Soon will be listed here.

Abstract

Purpose: To determine the effect of fibronectin (FN)-conjugated, microgrooved titanium (Ti) on osteoblast differentiation and gene expression in human bone marrow-derived mesenchymal stem cells (MSCs).

Materials And Methods: Photolithography was used to fabricate the microgrooved Ti, and amine functionalization (silanization) was used to immobilize fibronectin on the titanium surfaces. Osteoblast differentiation and osteoblast marker gene expression were analyzed by means of alkaline phosphatase activity assay, extracellular calcium deposition assay, and quantitative real-time PCR.

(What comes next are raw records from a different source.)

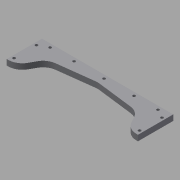
# Autodesk Inventor part: segment0c
Saved by Autodesk Inventor 2013 (Build 170138000, 138)
## iProperties
Created: 2015-09-21
Part Number: segment0c
Material: Generic
Document SubType Name: Modeling
Designer: Masta
Density: 1 g/cm^3
Author: Masta
Autodesk Inventor part; units mm, degrees
ref_plane "YZ Plane" through (0, 0, 0) normal (1, 0, 0) x (0, 1, 0)
ref_plane "XZ Plane" through (0, 0, 0) normal (0, 1, 0) x (-1, 0, 0)
ref_plane "XY Plane" through (0, 0, 0) normal (0, 0, 1) x (1, 0, 0)
sketch "Sketch1" plane through (0, 0, 0) normal (0, 0, 1) x (1, 0, 0)
  line L0 (-3.5, 6) -> (-3.5, -50) construction
  line L1 (-3.5, -50) -> (0, -50) construction
  line L2 (0, -50) -> (0, 6) construction
  line L3 (-3.5, 6) -> (0, 6) construction
  line L4 (0, 0) -> (85, 0) construction
  line L5 (85, 0) -> (85, 5) construction
  line L6 (0, 5) -> (85, 5) construction
  line L7 (0, 0) -> (0, 5) construction
  line L8 (88.5, 6) -> (88.5, -50) construction
  line L9 (88.5, 6) -> (85, 6) construction
  line L10 (85, -50) -> (85, 6) construction
  line L11 (88.5, -50) -> (85, -50) construction
  line L12 (-4, 5) -> (42.5, 5)
  line L13 (42.5, 5) -> (42.5, -2)
  line L14 (42.5, -2) -> (10.6869, -5.951)
  line L15 (10.6869, -5.951) -> (3, -20)
  line L16 (3, -20) -> (-4, -20)
  line L17 (-4, -20) -> (-4, 5)
  line L18 (0, 2.5) -> (42.5, 2.5) construction
  line L19 (-2, 5) -> (-2, -20) construction
  point P0 (4.2678, 2.5)
  point P1 (21.25, 2.5)
  point P2 (-2, -0.9091)
  point P3 (-2, -16.8032)
  dimension "d0" = 4
  dimension "d1" = 25
  dimension "d2" = 7
  dimension "d3" = 7
  dimension "d7" = 2
  constraints: 16 end point, 6 point on line, 5 perpendicular, 3 midpoint, 1 coincident
  measures "d0" distance from line of L12.start L2
  measures "d1" distance of L16.end L12.start
  measures "d2" distance of L15.end L16.end
  measures "d3" distance of L12.end L13.end
  measures "d7" distance between parallel lines of L17 L19
extrude "Extrusion1" add sketch "Sketch1" along normal blind 4
sketch "Sketch2" plane through (0, 0, 4) normal (0, 0, 1) x (1, 0, 0)
  point P0 (0, 0)
  point P1 (42.5, 2.5)
  point P2 (42.5, 2.5)
  point P3 (21.25, 2.5)
  point P4 (4.2678, 2.5)
  point P5 (-2, -0.9091)
  point P6 (-2, -16.8032)
hole "Hole1" at (42.5, 2.5, 4) at (21.25, 2.5, 4) at (4.2678, 2.5, 4) at (-2, -0.9091, 4) at (-2, -16.8032, 4) direction (0, 0, -1) diameter 2 end through all
mirror "Mirror1" about plane through (42.5, -2, 0) normal (1, 0, 0)
fillet "Fillet1" radius 10 5 edges at (3, -20, 2) (10.6869, -5.951, 2) (42.5, -2, 2) (74.3131, -5.951, 2) (82, -20, 2)
body "Solid1"
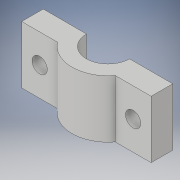
# Autodesk Inventor part: innerCrutchAttacement
Saved by Autodesk Inventor 2017 SP1 (Build 210196100, 196)
## iProperties
Created: 2016-07-31
Part Number: innerCrutchAttacement
Material: Generic
Document SubType Name: Modeling
Designer: steele
Density: 1 g/cm^3
Appearance: Default
Author: steele
Autodesk Inventor part; units mm, degrees
ref_plane "YZ Plane" through (0, 0, 0) normal (1, 0, 0) x (0, 1, 0)
ref_plane "XZ Plane" through (0, 0, 0) normal (0, 1, 0) x (-1, 0, 0)
ref_plane "XY Plane" through (0, 0, 0) normal (0, 0, 1) x (1, 0, 0)
sketch "Sketch1" plane through (0, 0, 0) normal (0, 1, 0) x (-1, 0, 0)
  line L0 (0, 0) -> (0, 38.1) construction
  line L1 (0, 0) -> (0, -38.1) construction
  arc A0 (-9.525, -38.1) -> (9.525, -38.1) centre (0, -38.1) ccw construction
  circle A1 centre (0, 38.1) radius 9.525 construction
  line L2 (15.875, -38.1) -> (28.575, -38.1)
  line L3 (15.875, -38.1) -> (-15.875, -38.1) construction
  line L4 (15.875, -38.1) -> (9.525, -38.1)
  line L5 (-9.525, -38.1) -> (-15.875, -38.1)
  arc A2 (9.525, -38.1) -> (-9.525, -38.1) centre (0, -38.1) ccw construction
  arc A3 (12.7, -28.575) -> (-12.7, -28.575) centre (0, -38.1) ccw
  arc A4 (9.525, -38.1) -> (-9.525, -38.1) centre (0, -38.1) ccw
  line L6 (28.575, -38.1) -> (28.575, -28.575)
  line L7 (28.575, -28.575) -> (12.7, -28.575)
  line L8 (-15.875, -38.1) -> (-28.575, -38.1)
  line L9 (-28.575, -38.1) -> (-28.575, -28.575)
  line L10 (-28.575, -28.575) -> (-12.7, -28.575)
  point P0 (-101.6, -47.625)
  dimension "d0" = 76.2
  dimension "d1" = 19.05
  dimension "d9" = 9.525
  dimension "d17" = 15.875
  dimension "d18" = 15.875
  constraints: 22 end point, 8 point on circle, 5 centre point, 4 coincident, 4 collinear, 3 horizontal, 3 vertical, 2 perpendicular, 2 point on line, 1 equal radius, 1 parallel
  measures "d0" distance of L0.end L1.end
  measures "d1" diameter of A0
  measures "d9" distance of L2.end L6.end
  measures "d17" distance of L6.end L7.end
  measures "d18" distance of L9.end L10.end
extrude "Extrusion1" add sketch "Sketch1" along normal mid plane 25.4
sketch "Sketch2" plane through (-28.575, 12.7, -28.575) normal (0, 0, 1) x (1, 0, 0)
  line L0 (19.05, 0) -> (0, 0) construction
  line L1 (15.875, -25.4) -> (15.875, 0) construction
  line L2 (0, 0) -> (15.875, -25.4) construction
  line L3 (15.875, -25.4) -> (0, -25.4) construction
  line L4 (15.875, 0) -> (0, -25.4) construction
  point P0 (28.575, -12.7)
  point P1 (7.9375, -12.7)
  constraints: 4 end point, 1 midpoint
hole "Hole1" at (-20.6375, 0, -28.575) direction (0, 0, -1) diameter 6.7564 end through all clearance for "Flat Head Machine Screw (82)" size "1/4" standard "Ansi Unified Screw Threads"
sketch "Sketch3" plane through (12.7, 12.7, -28.575) normal (0, 0, 1) x (1, 0, 0)
  line L0 (0, -25.4) -> (0, 0) construction
  line L1 (15.875, -25.4) -> (15.875, 0) construction
  line L2 (0, 0) -> (15.875, -25.4) construction
  line L3 (15.875, -25.4) -> (15.875, 0) construction
  line L4 (15.875, 0) -> (0, -25.4) construction
  point P0 (-12.7, -12.7)
  point P1 (7.9375, -12.7)
  constraints: 6 end point, 1 collinear, 1 midpoint
hole "Hole2" at (20.6375, 0, -28.575) direction (0, 0, -1) diameter 6.7564 end through all clearance for "Flat Head Machine Screw (82)" size "1/4" standard "Ansi Unified Screw Threads"
equation "\"d0\" = crutchTubSpacing"
equation "\"d1\" = cruchTubeDiam"
equation "\"cruchTubeDiam\" = 19.05"
equation "\"wallThickness\" = 6.35"
equation "\"crutchTubSpacing\" = 76.2"
equation "\"supportHeight\" = 25.4"
body "Solid1"

Results: The conjugation of fibronectin on Ti significantly increased osteoblast differentiation in MSCs compared with non-conjugated Ti substrates. On the extracellular calcium deposition assays of MSCs at 21 days, an approximately two-fold increase in calcium concentration was observed on the etched 60-µm-wide/10-µm-deep microgrooved surface with fibronectin (E60/10FN) compared with the same surface without fibronectin (E60/10), and a more than four-fold increase in calcium concentration was observed on E60/10FN compared with the non-etched control (NE0) and etched control (E0) surfaces. Through a series of analyses to determine the expression of osteoblast marker genes, a significant increase in all the marker genes except type I collagen α1 mRNA was seen with E60/10FN more than with any of the other groups, as compared with NE0.

Conclusion: The FN-conjugated, microgrooved Ti substrate can provide an effective surface to promote osteoblast differentiation and osteoblast marker gene expression in MSCs.

Citing Articles

Fibronectin and Its Applications in Dentistry and Periodontics: A Cell Behaviour Conditioner.

Shirbhate U, Bajaj P, Pandher J, Durge K Cureus. 2022; 14(10):e30702.

PMID: 36439606 PMC: 9693791. DOI: 10.7759/cureus.30702.

Effect of Fibronectin-Coated Micro-Grooved Titanium Surface on Alignment, Adhesion, and Proliferation of Human Gingival Fibroblasts.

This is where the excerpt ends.